I wanted to give feedback on my use of cmdstan 2.18.0 with MPI on a relatively big computer cluster. I also detail the solutions to some problems I encountered during installation, which might be of use to other people like me (not that confortable with this kind of stuff). The computer cluster I have access to belongs to the University of Bern (https://ubelix.unibe.ch/) and runs on CentOS 7.5.1804.
Installation
Installation was a bit difficult, even with the help of the cluster admins. It’s a bit over my head but there were at first problems with conflicting versions of Boost, and then a missing header file (pyconfig.h
) that was eventually solved by installing the python-devel package. So overall what worked for me was:
- loading the module with the right version of Boost
- installing python-devel
- creating a file named
cmdstan-2.18.0/make/local
with the following lines:
CC=mpicxx
STAN_MPI=true
- running
make build -j24
Compiling models
The installed cmdstan version was then able to compile example models in “examples/bernouilli”. I then wated to make some tests using Daniel Lee’s ODE examples (https://github.com/generable/stan-ode-workshop). At first I could not compile models that include map_rect()
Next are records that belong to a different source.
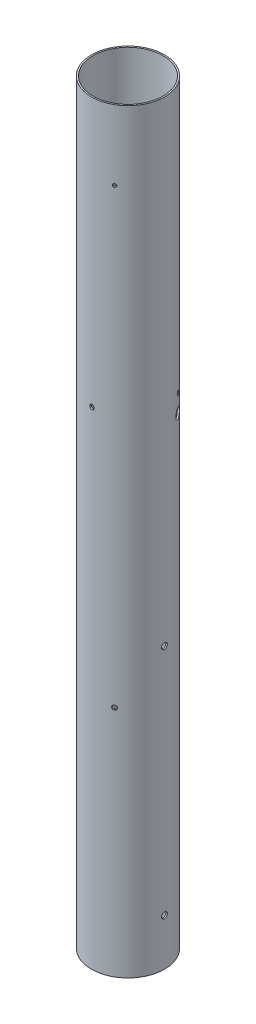
from build123d import *

# Parameters (mm, degrees)
SKETCH1_R           = 39.7891
SKETCH1_R_2         = 38.1635
BOSS_EXTRUDE1_DEPTH = 822.5282
CUT_EXTRUDE1_REACH  = 830.026
SKETCH2_R           = 1.778
CIRPATTERN1_COUNT   = 3
CUT_EXTRUDE2_REACH  = 829.326
SKETCH3_R           = 3.175
CUT_EXTRUDE3_REACH  = 830.016
SKETCH4_R           = 2.38125
CIRPATTERN2_COUNT   = 3
CUT_EXTRUDE4_REACH  = 830.036
SKETCH6_R           = 5.55625
CUT_EXTRUDE5_REACH  = 830.026
SKETCH7_R           = 2.38125
CIRPATTERN3_COUNT   = 3


with BuildPart() as part:
    # Sketch1 → Boss-Extrude1 (new body)
    with BuildSketch(Plane(origin=(0, 0, 0), x_dir=(1, 0, 0), z_dir=(0, 1, 0))):
        Circle(SKETCH1_R)
        Circle(SKETCH1_R_2, mode=Mode.SUBTRACT)
    extrude(amount=BOSS_EXTRUDE1_DEPTH)

    # Sketch2 → Cut-Extrude1 (cut, up to next)
    with BuildSketch(Plane(origin=(19.89455, 0, 34.458371394), x_dir=(0, -1, 0), z_dir=(0.499999999999998, 0, 0.8660254037844398)), mode=Mode.PRIVATE) as cut_extrude1_sk1:
        with Locations((-746.3282, 0)):
            Circle(SKETCH2_R)
    cut_extrude1_tool1 = extrude(cut_extrude1_sk1.sketch, amount=-CUT_EXTRUDE1_REACH, mode=Mode.PRIVATE) & part.part
    cut_extrude1 = cut_extrude1_tool1.solids().sort_by_distance((19.89455, 746.3282, 34.458371))[0]
    add(cut_extrude1, mode=Mode.SUBTRACT)

    # CirPattern1: Cut-Extrude1 ×3 about axis
    cirpattern1_axis = Axis((0, -40.64, 0), (0, 1, 0))
    for i in range(1, CIRPATTERN1_COUNT):
        add(cut_extrude1.rotate(cirpattern1_axis, i * 360 / CIRPATTERN1_COUNT), mode=Mode.SUBTRACT)

    # Sketch3 → Cut-Extrude2 (cut, up to next)
    with BuildSketch(Plane(origin=(39.7891, 0, 0), x_dir=(0, 0, -1), z_dir=(1, 0, 0)), mode=Mode.PRIVATE) as cut_extrude2_sk1:
        with Locations((0, 50.8)):
            Circle(SKETCH3_R)
    cut_extrude2_tool1 = extrude(cut_extrude2_sk1.sketch, amount=-CUT_EXTRUDE2_REACH, mode=Mode.PRIVATE) & part.part
    # Sketch3 → Cut-Extrude2 (cut, up to next)
    with BuildSketch(Plane(origin=(39.7891, 0, 0), x_dir=(0, 0, -1), z_dir=(1, 0, 0)), mode=Mode.PRIVATE) as cut_extrude2_sk2:
        with Locations((0, 304.8)):
            Circle(SKETCH3_R)
    cut_extrude2_tool2 = extrude(cut_extrude2_sk2.sketch, amount=-CUT_EXTRUDE2_REACH, mode=Mode.PRIVATE) & part.part
    add(cut_extrude2_tool1.solids().sort_by_distance((39.7891, 50.8, 0))[0], mode=Mode.SUBTRACT)
    add(cut_extrude2_tool2.solids().sort_by_distance((39.7891, 304.8, 0))[0], mode=Mode.SUBTRACT)

    # Sketch4 → Cut-Extrude3 (cut, up to next)
    with BuildSketch(Plane(origin=(-34.736171241, 0, -19.405434453), x_dir=(0, -1, 0), z_dir=(-0.8730072115474079, 0, -0.48770729806536567)), mode=Mode.PRIVATE) as cut_extrude3_sk1:
        with Locations((-530.4282, 0)):
            Circle(SKETCH4_R)
    cut_extrude3_tool1 = extrude(cut_extrude3_sk1.sketch, amount=-CUT_EXTRUDE3_REACH, mode=Mode.PRIVATE) & part.part
    cut_extrude3 = cut_extrude3_tool1.solids().sort_by_distance((-34.736171, 530.4282, -19.405434))[0]
    add(cut_extrude3, mode=Mode.SUBTRACT)

    # CirPattern2: Cut-Extrude3 ×3 about axis
    cirpattern2_axis = Axis((0, -40.64, 0), (0, 1, 0))
    for i in range(1, CIRPATTERN2_COUNT):
        add(cut_extrude3.rotate(cirpattern2_axis, i * 360 / CIRPATTERN2_COUNT), mode=Mode.SUBTRACT)

    # Sketch6 → Cut-Extrude4 (cut, up to next)
    with BuildSketch(Plane(origin=(34.173684829, 0, -20.379689498), x_dir=(0, -1, 0), z_dir=(0.8588705155093787, 0, -0.5121927738543899)), mode=Mode.PRIVATE) as cut_extrude4_sk1:
        with Locations((-511.3782, 0)):
            Circle(SKETCH6_R)
    cut_extrude4_tool1 = extrude(cut_extrude4_sk1.sketch, amount=-CUT_EXTRUDE4_REACH, mode=Mode.PRIVATE) & part.part
    add(cut_extrude4_tool1.solids().sort_by_distance((34.173685, 511.3782, -20.379689))[0], mode=Mode.SUBTRACT)

    # Sketch7 → Cut-Extrude5 (cut, up to next)
    with BuildSketch(Plane(origin=(19.89455, 0, 34.458371394), x_dir=(0, -1, 0), z_dir=(0.499999999999998, 0, 0.8660254037844398)), mode=Mode.PRIVATE) as cut_extrude5_sk1:
        with Locations((-254, 0)):
            Circle(SKETCH7_R)
    cut_extrude5_tool1 = extrude(cut_extrude5_sk1.sketch, amount=-CUT_EXTRUDE5_REACH, mode=Mode.PRIVATE) & part.part
    cut_extrude5 = cut_extrude5_tool1.solids().sort_by_distance((19.89455, 254, 34.458371))[0]
    add(cut_extrude5, mode=Mode.SUBTRACT)

    # CirPattern3: Cut-Extrude5 ×3 about axis
    cirpattern3_axis = Axis((0, -40.64, 0), (0, 1, 0))
    for i in range(1, CIRPATTERN3_COUNT):
        add(cut_extrude5.rotate(cirpattern3_axis, i * 360 / CIRPATTERN3_COUNT), mode=Mode.SUBTRACT)


solid = part.part
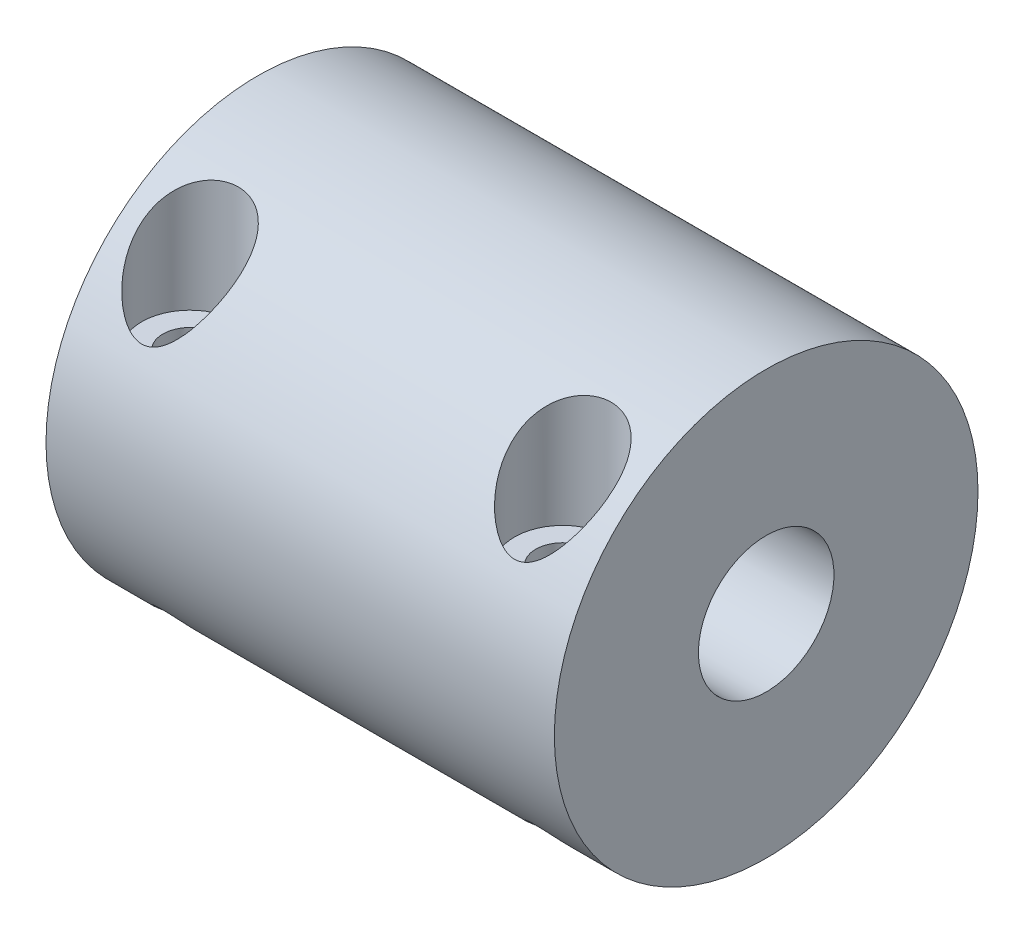
from build123d import *

# Parameters (mm, degrees)
SKETCH_2_R                = 1.6
CUT_EXTRUDE_M3_DEPTH      = 13.5
CUT_EXTRUDE_M3_DEPTH_BACK = 13.5
SKETCH_3_R                = 2.85
CUT_EXTRUDE_993_DEPTH     = 8


with BuildPart() as part:
    # 草图1 → Revolve 643 (revolve)
    with BuildSketch(Plane(origin=(0, 0, 0), x_dir=(1, 0, 0), z_dir=(0, 1, 0))):
        Polygon((0, 12.5), (0, 3), (15, 3), (15, 4), (30, 4), (30, 12.5), align=None)
    revolve(axis=Axis((-118.9426696, 0, 0), (1, 0, 0)))

    # 草图2 → M3孔 (cut, two sides)
    with BuildSketch(Plane(origin=(0, 0, 0), x_dir=(1, 0, 0), z_dir=(0, 1, 0))) as cut_extrude_m3_sk:
        with Locations((4, -8)):
            Circle(SKETCH_2_R)
        with Locations((26, -8)):
            Circle(SKETCH_2_R)
    extrude(amount=CUT_EXTRUDE_M3_DEPTH, mode=Mode.SUBTRACT)
    extrude(cut_extrude_m3_sk.sketch, amount=-CUT_EXTRUDE_M3_DEPTH_BACK, mode=Mode.SUBTRACT)

    # 草图3 → Cut-Extrude 993 (cut)
    with BuildSketch(Plane(origin=(0, 12.499395806, 0), x_dir=(1, 0, 0), z_dir=(0, 1, 0))):
        with Locations((4, -8)):
            Circle(SKETCH_3_R)
        with Locations((26, -8)):
            Circle(SKETCH_3_R)
    extrude(amount=-CUT_EXTRUDE_993_DEPTH, mode=Mode.SUBTRACT)


solid = part.part
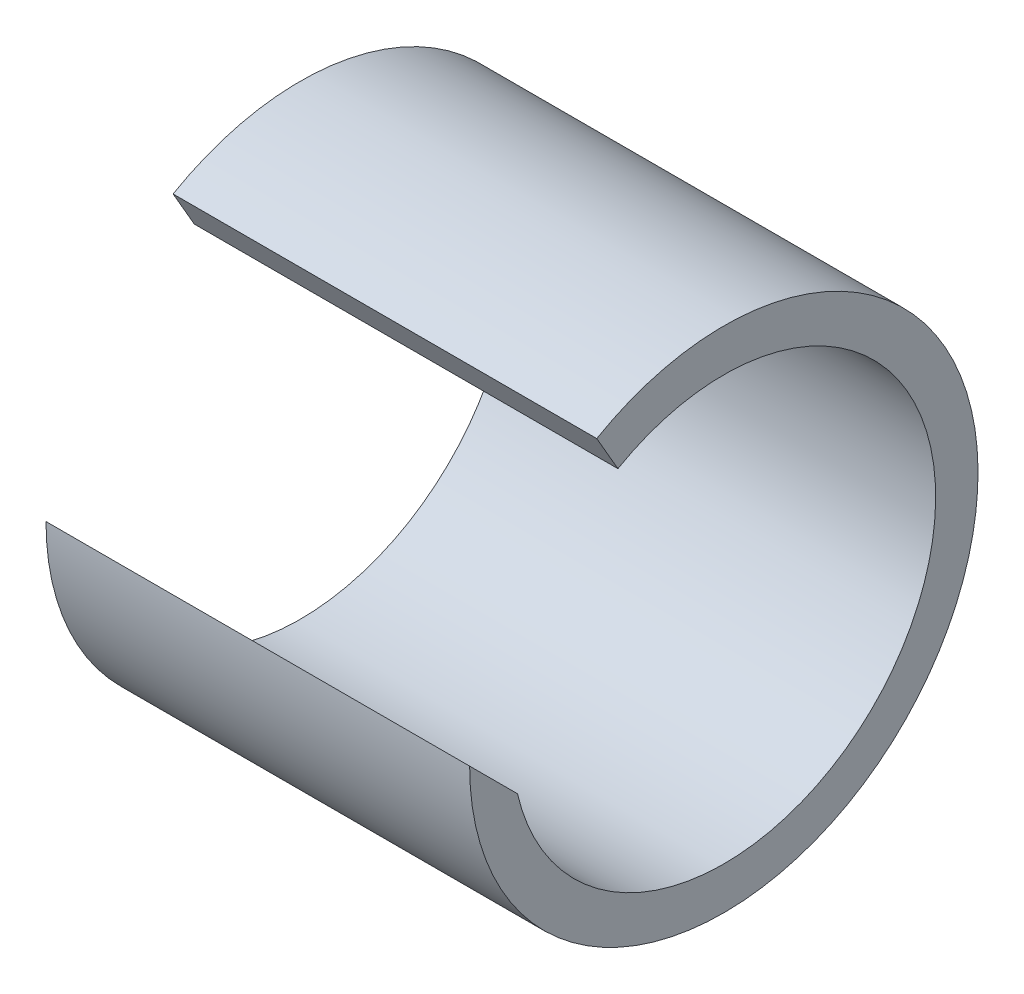
from build123d import *

# Parameters (mm, degrees)
SKETCH1_R           = 19.05
SKETCH1_R_2         = 15.875
BOSS_EXTRUDE1_DEPTH = 31.75
CUT_EXTRUDE2_DEPTH  = 32.75
CUT_EXTRUDE3_DEPTH  = 32.75


with BuildPart() as part:
    # Sketch1 → Boss-Extrude1 (new body)
    with BuildSketch(Plane(origin=(0, 0, 0), x_dir=(0, 0, -1), z_dir=(1, 0, 0))):
        Circle(SKETCH1_R)
        Circle(SKETCH1_R_2, mode=Mode.SUBTRACT)
    extrude(amount=BOSS_EXTRUDE1_DEPTH)

    # Sketch2 → Cut-Extrude2 (cut, through all)
    with BuildSketch(Plane(origin=(31.75, 0, 0), x_dir=(0, 0, -1), z_dir=(1, 0, 0))):
        with BuildLine():
            Line((-15.875, 0), (-19.05, 0))
            ThreePointArc((-19.05, 0), (-16.497783942, 9.525), (-9.525, 16.497783942))
            Line((-9.525, 16.497783942), (-7.9375, 13.748153285))
            ThreePointArc((-7.9375, 13.748153285), (-13.748153285, 7.9375), (-15.875, 0))
        make_face()
    extrude(amount=-CUT_EXTRUDE2_DEPTH, mode=Mode.SUBTRACT)

    # Sketch3 → Cut-Extrude3 (cut, through all)
    with BuildSketch(Plane(origin=(31.75, 0, 0), x_dir=(0, 0, -1), z_dir=(1, 0, 0))):
        with BuildLine():
            Line((-19.05, 0), (-15.875, 0))
            ThreePointArc((-15.875, 0), (-15.772137022, -1.804250192), (-15.464881102, -3.585118898))
            Line((-15.464881102, -3.585118898), (-19.05, 0))
        make_face()
    extrude(amount=-CUT_EXTRUDE3_DEPTH, mode=Mode.SUBTRACT)


solid = part.part
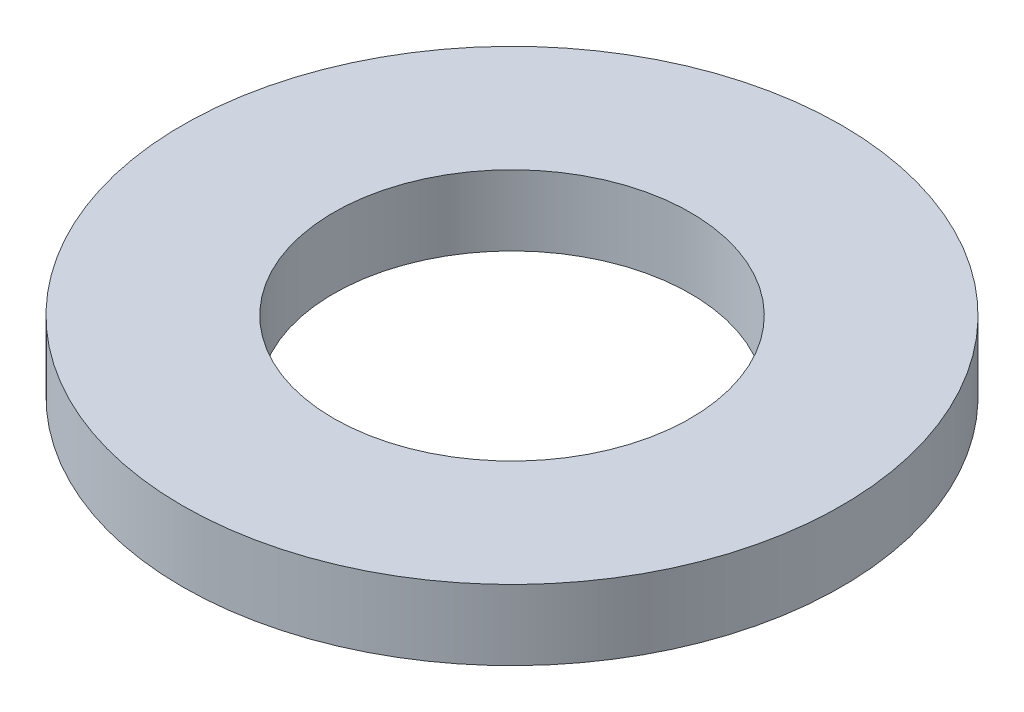
from build123d import *

# Parameters (mm, degrees)
SKETCH1_R           = 9.525
BOSS_EXTRUDE1_DEPTH = 2.032
SKETCH5_R           = 5.1562
CUT_EXTRUDE1_DEPTH  = 3.032


with BuildPart() as part:
    # Sketch1 → Boss-Extrude1 (new body)
    with BuildSketch(Plane(origin=(0, 0, 0), x_dir=(1, 0, 0), z_dir=(0, 1, 0))):
        Circle(SKETCH1_R)
    extrude(amount=BOSS_EXTRUDE1_DEPTH)

    # Sketch5 → Cut-Extrude1 (cut, through all)
    with BuildSketch(Plane(origin=(0, 2.032, 0), x_dir=(-1, 0, 0), z_dir=(0, 1, 0))):
        Circle(SKETCH5_R)
    extrude(amount=-CUT_EXTRUDE1_DEPTH, mode=Mode.SUBTRACT)


solid = part.part

, because of undefined reference to 'pthread_create'
. After a bit of googling, I managed to find a solution by adding LDFLAGS= -pthread -lpthread
to make/local.
Time gains
I tried to sample one chain of 2000 iterations from Daniel’s SHO model including parallelization with a single node (24 CPUs, 64GB ram). Sampling took {405,422,424,446,427} seconds without MPI (sho_fit_multiple.stan), and with MPI (sho_fit_multiple_parallel.stan) that time was reduced to {322,330,309,328,335} seconds. So on average a reduction of 24%.
It is a bit less than I expected, but I’m not completely sure whether I’m using MPI at its maximum here, or if there is a way to monitor CPU usage. My next step is to implement map_rect()
in my own model that has more data, more complex ODEs and a hierarchical structure. Maybe the difference will be more important in that case. If there is any interest I will continue to post the results here.
Anyway I’d like to thank the Stan developers for implementing such cutting-edge methods!